Background information
- Also known as: Torchmann, Torchkinski, DJ Haitian Star
- Born: Frederik Hahn September 29, 1971 (age 54)
- Origin: Heidelberg, Germany
- Genres: German hip hop
- Years active: 1980s–present
- Website: www.mctorch.de

= Torch (German rapper) =

Frederik Hahn (born September 29, 1971 in Heidelberg), better known by his stage name Torch, is a German rapper. He is also known as DJ Haitian Star. He was among the first German rappers who began rapping in German in the mid-1980s in Heidelberg, laying the foundation for the success of German hip hop music. In 1985, Afrika Bambaataa named him king of the first German chapter of the Zulu Nation and also gave him the title: Overlord of Sound & Culture.

== Career ==
In 1987, Torch founded the group Advanced Chemistry with Toni L, Linguist, Gee-One and DJ Mike MD. In 1992, the song Fremd im eigenen Land ("Stranger in one's own country") became the group's first hit. Primarily due to exposure on the cable television network MTV, the song garnered attention outside of Germany's hip hop scene, which was still quite small at the time.
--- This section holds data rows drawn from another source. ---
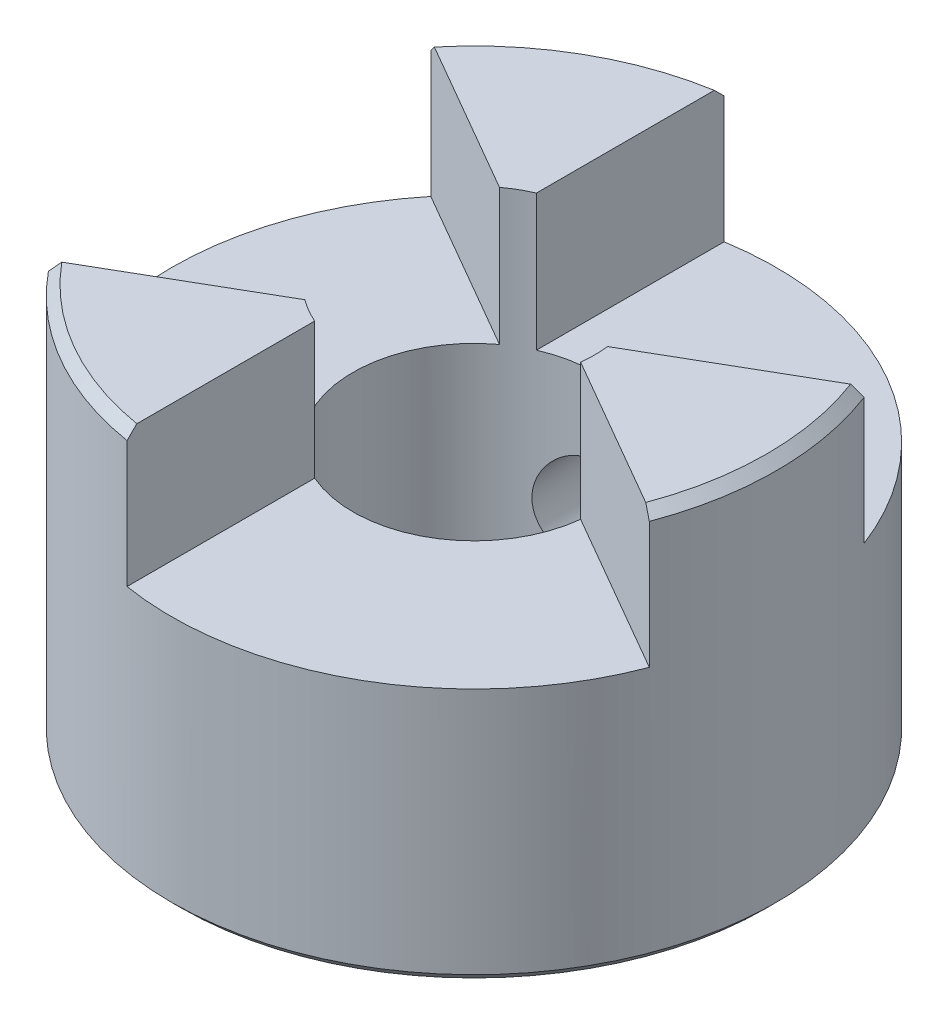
ISO-10303-21;
HEADER;
FILE_DESCRIPTION(('STEP AP214'),'2;1');
FILE_NAME('part.step','',(''),(''),'','','');
FILE_SCHEMA(('AUTOMOTIVE_DESIGN { 1 0 10303 214 1 1 1 1 }'));
ENDSEC;
DATA;
#1=APPLICATION_CONTEXT('core data for automotive mechanical design processes');
#2=APPLICATION_PROTOCOL_DEFINITION('international standard','automotive_design',2000,#1);
#3=PRODUCT_CONTEXT('',#1,'mechanical');
#4=PRODUCT('Part','Part','',(#3));
#5=PRODUCT_RELATED_PRODUCT_CATEGORY('part','',(#4));
#6=PRODUCT_DEFINITION_FORMATION('','',#4);
#7=PRODUCT_DEFINITION_CONTEXT('part definition',#1,'design');
#8=PRODUCT_DEFINITION('design','',#6,#7);
#9=PRODUCT_DEFINITION_SHAPE('','',#8);
#10=(LENGTH_UNIT() NAMED_UNIT(*) SI_UNIT(.MILLI.,.METRE.));
#11=(NAMED_UNIT(*) PLANE_ANGLE_UNIT() SI_UNIT($,.RADIAN.));
#12=(NAMED_UNIT(*) SI_UNIT($,.STERADIAN.) SOLID_ANGLE_UNIT());
#13=UNCERTAINTY_MEASURE_WITH_UNIT(LENGTH_MEASURE(1.E-05),#10,'distance_accuracy_value','');
#14=(GEOMETRIC_REPRESENTATION_CONTEXT(3) GLOBAL_UNCERTAINTY_ASSIGNED_CONTEXT((#13)) GLOBAL_UNIT_ASSIGNED_CONTEXT((#10,
#11,#12)) REPRESENTATION_CONTEXT('',''));
#15=CARTESIAN_POINT('',(0.,0.,0.));
#16=DIRECTION('',(0.,0.,1.));
#17=DIRECTION('',(1.,0.,0.));
#18=AXIS2_PLACEMENT_3D('',#15,#16,#17);
#19=CARTESIAN_POINT('',(0.,6.746875,0.));
#20=DIRECTION('',(0.,1.,0.));
#21=DIRECTION('',(0.,0.,1.));
#22=AXIS2_PLACEMENT_3D('',#19,#20,#21);
#23=PLANE('',#22);
#24=CARTESIAN_POINT('',(0.,6.746875,0.));
#25=DIRECTION('',(0.,1.,0.));
#26=DIRECTION('',(0.,0.,1.));
#27=AXIS2_PLACEMENT_3D('',#24,#25,#26);
#28=CIRCLE('',#27,3.175);
#29=CARTESIAN_POINT('',(3.15507812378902,6.746875,-0.355115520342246));
#30=VERTEX_POINT('',#29);
#31=CARTESIAN_POINT('',(-1.26999999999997,6.746875,-2.90993556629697));
#32=VERTEX_POINT('',#31);
#33=EDGE_CURVE('E176',#30,#32,#28,.T.);
#34=ORIENTED_EDGE('',*,*,#33,.F.);
#35=DIRECTION('',(-0.866025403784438,0.,0.500000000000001));
#36=VECTOR('',#35,1.);
#37=CARTESIAN_POINT('',(2.53999999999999,6.746875,0.));
#38=LINE('',#37,#36);
#39=CARTESIAN_POINT('',(7.42051801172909,6.746875,-2.81776838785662));
#40=VERTEX_POINT('',#39);
#41=EDGE_CURVE('E334',#40,#30,#38,.T.);
#42=ORIENTED_EDGE('',*,*,#41,.F.);
#43=CARTESIAN_POINT('',(0.,6.746875,0.));
#44=DIRECTION('',(0.,1.,0.));
#45=DIRECTION('',(0.,0.,1.));
#46=AXIS2_PLACEMENT_3D('',#43,#44,#45);
#47=CIRCLE('',#46,7.9375);
#48=CARTESIAN_POINT('',(-1.26999999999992,6.746875,-7.83524130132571));
#49=VERTEX_POINT('',#48);
#50=EDGE_CURVE('E168',#40,#49,#47,.T.);
#51=ORIENTED_EDGE('',*,*,#50,.T.);
#52=DIRECTION('',(0.,0.,-1.));
#53=VECTOR('',#52,1.);
#54=CARTESIAN_POINT('',(-1.26999999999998,6.746875,-2.19970452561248));
#55=LINE('',#54,#53);
#56=EDGE_CURVE('E207',#32,#49,#55,.T.);
#57=ORIENTED_EDGE('',*,*,#56,.F.);
#58=EDGE_LOOP('',(#34,#42,#51,#57));
#59=FACE_BOUND('',#58,.T.);
#60=ADVANCED_FACE('F35',(#59),#23,.T.);
#61=CARTESIAN_POINT('',(-1.885078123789,6.746875,-2.55482004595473));
#62=VERTEX_POINT('',#61);
#63=CARTESIAN_POINT('',(-1.88507812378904,6.746875,2.5548200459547));
#64=VERTEX_POINT('',#63);
#65=EDGE_CURVE('E174',#62,#64,#28,.T.);
#66=ORIENTED_EDGE('',*,*,#65,.F.);
#67=DIRECTION('',(0.866025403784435,0.,0.500000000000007));
#68=VECTOR('',#67,1.);
#69=CARTESIAN_POINT('',(-1.26999999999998,6.746875,-2.19970452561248));
#70=LINE('',#69,#68);
#71=CARTESIAN_POINT('',(-6.15051801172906,6.746875,-5.01747291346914));
#72=VERTEX_POINT('',#71);
#73=EDGE_CURVE('E173',#72,#62,#70,.T.);
#74=ORIENTED_EDGE('',*,*,#73,.F.);
#75=CARTESIAN_POINT('',(-6.15051801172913,6.746875,5.01747291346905));
#76=VERTEX_POINT('',#75);
#77=EDGE_CURVE('E358',#72,#76,#47,.T.);
#78=ORIENTED_EDGE('',*,*,#77,.T.);
#79=DIRECTION('',(-0.866025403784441,0.,0.499999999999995));
#80=VECTOR('',#79,1.);
#81=CARTESIAN_POINT('',(-1.27000000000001,6.746875,2.19970452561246));
#82=LINE('',#81,#80);
#83=EDGE_CURVE('E313',#64,#76,#82,.T.);
#84=ORIENTED_EDGE('',*,*,#83,.F.);
#85=EDGE_LOOP('',(#66,#74,#78,#84));
#86=FACE_BOUND('',#85,.T.);
#87=ADVANCED_FACE('F283',(#86),#23,.T.);
#88=CARTESIAN_POINT('',(-1.27000000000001,6.746875,2.90993556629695));
#89=VERTEX_POINT('',#88);
#90=CARTESIAN_POINT('',(3.15507812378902,6.746875,0.355115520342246));
#91=VERTEX_POINT('',#90);
#92=EDGE_CURVE('E178',#89,#91,#28,.T.);
#93=ORIENTED_EDGE('',*,*,#92,.F.);
#94=DIRECTION('',(0.,0.,-1.));
#95=VECTOR('',#94,1.);
#96=CARTESIAN_POINT('',(-1.27000000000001,6.746875,2.19970452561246));
#97=LINE('',#96,#95);
#98=CARTESIAN_POINT('',(-1.27000000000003,6.746875,7.83524130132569));
#99=VERTEX_POINT('',#98);
#100=EDGE_CURVE('E306',#99,#89,#97,.T.);
#101=ORIENTED_EDGE('',*,*,#100,.F.);
#102=CARTESIAN_POINT('',(7.42051801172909,6.746875,2.81776838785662));
#103=VERTEX_POINT('',#102);
#104=EDGE_CURVE('E356',#99,#103,#47,.T.);
#105=ORIENTED_EDGE('',*,*,#104,.T.);
#106=DIRECTION('',(0.866025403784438,0.,0.500000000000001));
#107=VECTOR('',#106,1.);
#108=CARTESIAN_POINT('',(2.53999999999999,6.746875,0.));
#109=LINE('',#108,#107);
#110=EDGE_CURVE('E309',#91,#103,#109,.T.);
#111=ORIENTED_EDGE('',*,*,#110,.F.);
#112=EDGE_LOOP('',(#93,#101,#105,#111));
#113=FACE_BOUND('',#112,.T.);
#114=ADVANCED_FACE('F285',(#113),#23,.T.);
#115=CARTESIAN_POINT('',(0.,6.746875,0.));
#116=DIRECTION('',(0.,-1.,0.));
#117=DIRECTION('',(0.,0.,-1.));
#118=AXIS2_PLACEMENT_3D('',#115,#116,#117);
#119=CYLINDRICAL_SURFACE('',#118,7.9375);
#120=CARTESIAN_POINT('',(0.,4.8968812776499,-7.9375));
#121=CARTESIAN_POINT('',(0.0257225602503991,4.89690131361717,-7.93750336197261));
#122=CARTESIAN_POINT('',(0.0514445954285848,4.89627769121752,-7.93736567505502));
#123=CARTESIAN_POINT('',(0.102786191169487,4.89376404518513,-7.93682267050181));
#124=CARTESIAN_POINT('',(0.128405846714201,4.89187588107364,-7.93641774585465));
#125=CARTESIAN_POINT('',(0.179488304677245,4.88685684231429,-7.93535525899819));
#126=CARTESIAN_POINT('',(0.204951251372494,4.88372737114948,-7.93469798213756));
#127=CARTESIAN_POINT('',(0.255666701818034,4.87624978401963,-7.93314587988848));
#128=CARTESIAN_POINT('',(0.280919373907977,4.87190276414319,-7.93225126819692));
#129=CARTESIAN_POINT('',(0.331160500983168,4.8620138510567,-7.93023951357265));
#130=CARTESIAN_POINT('',(0.356149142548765,4.85647287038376,-7.92912254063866));
#131=CARTESIAN_POINT('',(0.40580848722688,4.84421972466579,-7.92668106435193));
#132=CARTESIAN_POINT('',(0.430479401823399,4.83750838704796,-7.92535670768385));
#133=CARTESIAN_POINT('',(0.479449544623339,4.8229381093,-7.92251544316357));
#134=CARTESIAN_POINT('',(0.503749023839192,4.81507998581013,-7.92099867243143));
#135=CARTESIAN_POINT('',(0.551922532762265,4.79823964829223,-7.91778754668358));
#136=CARTESIAN_POINT('',(0.575796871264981,4.78925829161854,-7.91609332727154));
#137=CARTESIAN_POINT('',(0.623066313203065,4.77019494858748,-7.91254226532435));
#138=CARTESIAN_POINT('',(0.646461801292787,4.76011389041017,-7.91068556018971));
#139=CARTESIAN_POINT('',(0.692719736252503,4.73887457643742,-7.9068244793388));
#140=CARTESIAN_POINT('',(0.715582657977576,4.72771732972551,-7.90482024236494));
#141=CARTESIAN_POINT('',(0.760721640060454,4.70434905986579,-7.90067907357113));
#142=CARTESIAN_POINT('',(0.78299827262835,4.69213911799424,-7.8985422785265));
#143=CARTESIAN_POINT('',(0.82691084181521,4.66668889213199,-7.89415088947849));
#144=CARTESIAN_POINT('',(0.84854744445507,4.65344973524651,-7.89189642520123));
#145=CARTESIAN_POINT('',(0.891126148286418,4.6259645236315,-7.88728490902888));
#146=CARTESIAN_POINT('',(0.912068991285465,4.61171959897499,-7.88492797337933));
#147=CARTESIAN_POINT('',(0.953206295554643,4.58224639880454,-7.88012557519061));
#148=CARTESIAN_POINT('',(0.973401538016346,4.567019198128,-7.87768021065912));
#149=CARTESIAN_POINT('',(1.01299014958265,4.53560482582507,-7.87271932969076));
#150=CARTESIAN_POINT('',(1.0323842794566,4.519418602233,-7.87020388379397));
#151=CARTESIAN_POINT('',(1.07031593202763,4.48611047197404,-7.86510516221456));
#152=CARTESIAN_POINT('',(1.08885410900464,4.46898930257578,-7.86252194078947));
#153=CARTESIAN_POINT('',(1.12500974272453,4.43384646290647,-7.8573518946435));
#154=CARTESIAN_POINT('',(1.14262833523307,4.41582595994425,-7.85476507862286));
#155=CARTESIAN_POINT('',(1.17690832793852,4.37894752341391,-7.84965304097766));
#156=CARTESIAN_POINT('',(1.19357134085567,4.36009110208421,-7.84712771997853));
#157=CARTESIAN_POINT('',(1.22591459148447,4.32159443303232,-7.84214185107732));
#158=CARTESIAN_POINT('',(1.24159627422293,4.30195541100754,-7.83968121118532));
#159=CARTESIAN_POINT('',(1.2719525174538,4.26194618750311,-7.83484389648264));
#160=CARTESIAN_POINT('',(1.28662840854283,4.24157700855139,-7.83246711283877));
#161=CARTESIAN_POINT('',(1.31494831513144,4.20016026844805,-7.82781242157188));
#162=CARTESIAN_POINT('',(1.32859359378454,4.1791135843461,-7.82553439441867));
#163=CARTESIAN_POINT('',(1.35482756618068,4.13639451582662,-7.82109327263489));
#164=CARTESIAN_POINT('',(1.36741749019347,4.11472290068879,-7.81893004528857));
#165=CARTESIAN_POINT('',(1.39151598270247,4.07080663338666,-7.81473427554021));
#166=CARTESIAN_POINT('',(1.40302576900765,4.04856266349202,-7.81270158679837));
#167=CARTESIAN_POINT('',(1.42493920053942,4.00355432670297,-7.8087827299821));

In 2000 he rapped with KRS-One and MC Rene on DJ Tomekk's Single Return of Hip-Hop, which placed in the German charts for 9 weeks. In the joint video, the hip hop was brought to the hospital in an ambulance and revived by nurses.

Torch's first (and so far only) solo-album was Blauer Samt ("Blue Velvet"), released in 2000.

He worked with international artists like Afrika Bambaataa, Freestyle (Ex-Arsonists), Grandmaster Caz (Cold Crush Bros), Jurassic 5, KRS1 (BDP), Melle Mel, Missing Linx (Al Tariq-Ex Beatnuts), Whipper Whip & Virtuoso (Boston), Fréro-La Mixture (France). After his introduction to Bambaataa, Torch was given the task of heading up the very first German chapter of the Zulu nation as well as collaborating for the socially conscious German hip-hop concert, 'Rap against the Right'. Torch was chosen for these tasks because of his social consciousness as purveyed through his music and lyrics. Advanced Chemistry (and specifically Torch) have expressed the desire to remain largely underground while other German hip hop groups have sought stardom, but a common view shared by these other groups and Torch is their view on "Americanness." Author Timothy Brown cites Torch as stating, "What the American do is exotic for us because we don't live like they do. What they do seems to be more interesting and newer. But not for me. For me it's more exciting to experience my fellow Germans in new contexts... For me it's interesting to see what the kids try to do that's different from what I know."

He is also travelling the World as DJ Haitian Star where he has performed at the Battle of the Year (Germany), Jazz Festival Montreux (Switzerland), Hip Hop Kemp (Czech Republic), Zulu Anniversary (NY/USA),... He shared the decks with DJs like: Z-Trip (US), David Rodigan (UK), Grandmaster Flash (US), Kool Herc (US), Tee (Japan), Supreme/Hijack (UK), Defcut (CH), Stylewarz (D), Marc Hype (D).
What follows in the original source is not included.